DESCRIPTION OF THE TASK.
After finding the line containing "#12193 = VERTEX_POINT ( 'NONE', #208 ) ;" below, please output that line and each following one through the line containing "#13354 = ORIENTED_EDGE", exactly as written.
=-=-=-=-=
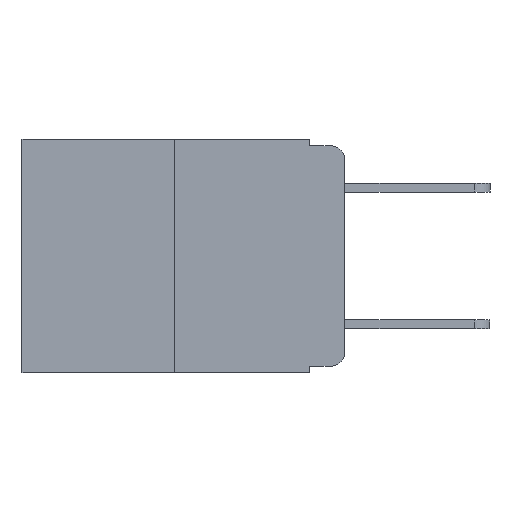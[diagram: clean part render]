
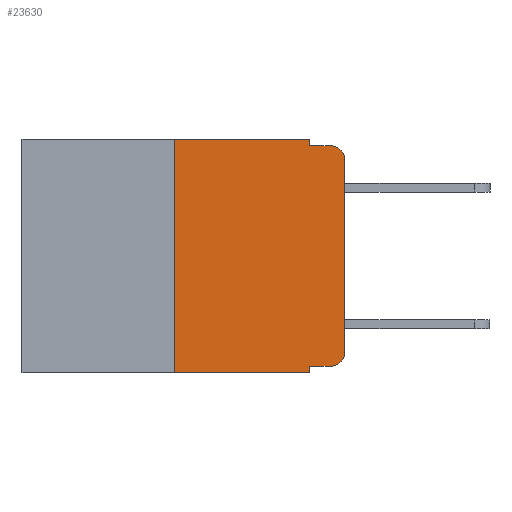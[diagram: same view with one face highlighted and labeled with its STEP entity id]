
A CAD part, left-side view. The second image highlights one B-rep face of the part: STEP entity #23630.
In plain terms, the highlighted planar face has unit normal (-1, 0, 0).
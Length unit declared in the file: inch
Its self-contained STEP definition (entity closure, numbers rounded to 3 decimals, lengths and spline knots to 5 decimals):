
#130 = LINE ( 'NONE', #3485, #9591 ) ;
#208 = CARTESIAN_POINT ( 'NONE',  ( 0., 0.051, 0. ) ) ;
#380 = EDGE_CURVE ( 'NONE', #15830, #10126, #16804, .T. ) ;
#624 = LINE ( 'NONE', #1847, #19762 ) ;
#667 = DIRECTION ( 'NONE',  ( 0., 0., 1. ) ) ;
#710 = CARTESIAN_POINT ( 'NONE',  ( 0., 0., 0. ) ) ;
#764 = FACE_OUTER_BOUND ( 'NONE', #11885, .T. ) ;
#815 = CIRCLE ( 'NONE', #11707, 0.02 ) ;
#1310 = AXIS2_PLACEMENT_3D ( 'NONE', #6754, #19467, #8569 ) ;
#1750 = DIRECTION ( 'NONE',  ( 0., -1., 0. ) ) ;
#1804 = LINE ( 'NONE', #19669, #16035 ) ;
#1847 = CARTESIAN_POINT ( 'NONE',  ( 0., 0.051, -0.333 ) ) ;
#2509 = LINE ( 'NONE', #4804, #20932 ) ;
#3485 = CARTESIAN_POINT ( 'NONE',  ( 0., 0.051, -0.01 ) ) ;
#3775 = CARTESIAN_POINT ( 'NONE',  ( 0., 0.473, -0.343 ) ) ;
#3956 = CARTESIAN_POINT ( 'NONE',  ( 0., 0.02, -0.333 ) ) ;
#4004 = EDGE_CURVE ( 'NONE', #7366, #13964, #130, .T. ) ;
#4060 = CARTESIAN_POINT ( 'NONE',  ( 0., 0.02, -0.313 ) ) ;
#4541 = DIRECTION ( 'NONE',  ( 0., 0., -1. ) ) ;
#4612 = CARTESIAN_POINT ( 'NONE',  ( 0., 0.051, -0.343 ) ) ;
#4804 = CARTESIAN_POINT ( 'NONE',  ( 0., 0.473, 0. ) ) ;
#5074 = VERTEX_POINT ( 'NONE', #10812 ) ;
#5166 = VERTEX_POINT ( 'NONE', #4612 ) ;
#5169 = CARTESIAN_POINT ( 'NONE',  ( 0., 0.25, -0.343 ) ) ;
#5395 = AXIS2_PLACEMENT_3D ( 'NONE', #18367, #20158, #9263 ) ;
#5771 = EDGE_CURVE ( 'NONE', #5074, #15611, #624, .T. ) ;
#5964 = DIRECTION ( 'NONE',  ( 0., 0., -1. ) ) ;
#6428 = CARTESIAN_POINT ( 'NONE',  ( 0., 0.051, 0. ) ) ;
#6744 = LINE ( 'NONE', #6428, #20660 ) ;
#6754 = CARTESIAN_POINT ( 'NONE',  ( 0., 0.02, -0.03 ) ) ;
#7366 = VERTEX_POINT ( 'NONE', #19906 ) ;
#7456 = PLANE ( 'NONE',  #5395 ) ;
#7499 = EDGE_CURVE ( 'NONE', #10327, #5166, #13186, .T. ) ;
#8569 = DIRECTION ( 'NONE',  ( 0., 0., -1. ) ) ;
#9263 = DIRECTION ( 'NONE',  ( 0., 0., -1. ) ) ;
#9591 = VECTOR ( 'NONE', #16026, 39.37008 ) ;
#9625 = DIRECTION ( 'NONE',  ( 0., -1., 0. ) ) ;
#10126 = VERTEX_POINT ( 'NONE', #22702 ) ;
#10327 = VERTEX_POINT ( 'NONE', #5169 ) ;
#10812 = CARTESIAN_POINT ( 'NONE',  ( 0., 0.051, -0.333 ) ) ;
#11176 = VECTOR ( 'NONE', #13358, 39.37008 ) ;
#11224 = CARTESIAN_POINT ( 'NONE',  ( 0., 0.02, -0.01 ) ) ;
#11356 = VECTOR ( 'NONE', #667, 39.37008 ) ;
#11438 = EDGE_CURVE ( 'NONE', #21795, #12193, #2509, .T. ) ;
#11511 = CARTESIAN_POINT ( 'NONE',  ( 0., 0.051, 0. ) ) ;
#11707 = AXIS2_PLACEMENT_3D ( 'NONE', #4060, #16932, #5964 ) ;
#11885 = EDGE_LOOP ( 'NONE', ( #13104, #13215, #13238, #13354, #13495, #13707, #13803, #13921, #14430, #15218 ) ) ;
#12039 = EDGE_CURVE ( 'NONE', #10126, #13964, #14376, .T. ) ;
#12193 = VERTEX_POINT ( 'NONE', #208 ) ;
#12841 = EDGE_CURVE ( 'NONE', #12193, #7366, #20861, .T. ) ;
#13104 = ORIENTED_EDGE ( 'NONE', *, *, #380, .T. ) ;
#13186 = LINE ( 'NONE', #3775, #18594 ) ;
#13215 = ORIENTED_EDGE ( 'NONE', *, *, #12039, .T. ) ;
#13238 = ORIENTED_EDGE ( 'NONE', *, *, #4004, .F. ) ;
#13354 = ORIENTED_EDGE ( 'NONE', *, *, #12841, .F. ) ;
#13358 = DIRECTION ( 'NONE',  ( 0., 0., -1. ) ) ;
#13495 = ORIENTED_EDGE ( 'NONE', *, *, #11438, .F. ) ;
#13707 = ORIENTED_EDGE ( 'NONE', *, *, #19094, .F. ) ;
#13803 = ORIENTED_EDGE ( 'NONE', *, *, #7499, .T. ) ;
#13921 = ORIENTED_EDGE ( 'NONE', *, *, #16495, .F. ) ;
#13964 = VERTEX_POINT ( 'NONE', #11224 ) ;
#14271 = DIRECTION ( 'NONE',  ( 0., 0., 1. ) ) ;
#14376 = CIRCLE ( 'NONE', #1310, 0.02 ) ;
#14430 = ORIENTED_EDGE ( 'NONE', *, *, #5771, .T. ) ;
#15110 = EDGE_CURVE ( 'NONE', #15611, #15830, #815, .T. ) ;
#15218 = ORIENTED_EDGE ( 'NONE', *, *, #15110, .T. ) ;
#15611 = VERTEX_POINT ( 'NONE', #3956 ) ;
#15830 = VERTEX_POINT ( 'NONE', #17386 ) ;
#16026 = DIRECTION ( 'NONE',  ( 0., -1., 0. ) ) ;
#16035 = VECTOR ( 'NONE', #14271, 39.37008 ) ;
#16495 = EDGE_CURVE ( 'NONE', #5074, #5166, #6744, .T. ) ;
#16774 = CARTESIAN_POINT ( 'NONE',  ( 0., 0.25, 0. ) ) ;
#16804 = LINE ( 'NONE', #710, #11356 ) ;
#16932 = DIRECTION ( 'NONE',  ( -1., 0., 0. ) ) ;
#17386 = CARTESIAN_POINT ( 'NONE',  ( 0., 0., -0.313 ) ) ;
#18367 = CARTESIAN_POINT ( 'NONE',  ( 0., 0.473, 0. ) ) ;
#18594 = VECTOR ( 'NONE', #1750, 39.37008 ) ;
#19094 = EDGE_CURVE ( 'NONE', #10327, #21795, #1804, .T. ) ;
#19467 = DIRECTION ( 'NONE',  ( -1., 0., 0. ) ) ;
#19669 = CARTESIAN_POINT ( 'NONE',  ( 0., 0.25, 0. ) ) ;
#19762 = VECTOR ( 'NONE', #9625, 39.37008 ) ;
#19906 = CARTESIAN_POINT ( 'NONE',  ( 0., 0.051, -0.01 ) ) ;
#20158 = DIRECTION ( 'NONE',  ( 1., 0., 0. ) ) ;
#20660 = VECTOR ( 'NONE', #4541, 39.37008 ) ;
#20861 = LINE ( 'NONE', #11511, #11176 ) ;
#20932 = VECTOR ( 'NONE', #23047, 39.37008 ) ;
#21795 = VERTEX_POINT ( 'NONE', #16774 ) ;
#22702 = CARTESIAN_POINT ( 'NONE',  ( 0., 0., -0.03 ) ) ;
#23047 = DIRECTION ( 'NONE',  ( 0., -1., 0. ) ) ;
#23630 = ADVANCED_FACE ( 'NONE', ( #764 ), #7456, .F. ) ;
=-=-=-=-=
ANSWER FOR THE TASK.
#12193 = VERTEX_POINT ( 'NONE', #208 ) ;
#12841 = EDGE_CURVE ( 'NONE', #12193, #7366, #20861, .T. ) ;
#13104 = ORIENTED_EDGE ( 'NONE', *, *, #380, .T. ) ;
#13186 = LINE ( 'NONE', #3775, #18594 ) ;
#13215 = ORIENTED_EDGE ( 'NONE', *, *, #12039, .T. ) ;
#13238 = ORIENTED_EDGE ( 'NONE', *, *, #4004, .F. ) ;
#13354 = ORIENTED_EDGE ( 'NONE', *, *, #12841, .F. ) ;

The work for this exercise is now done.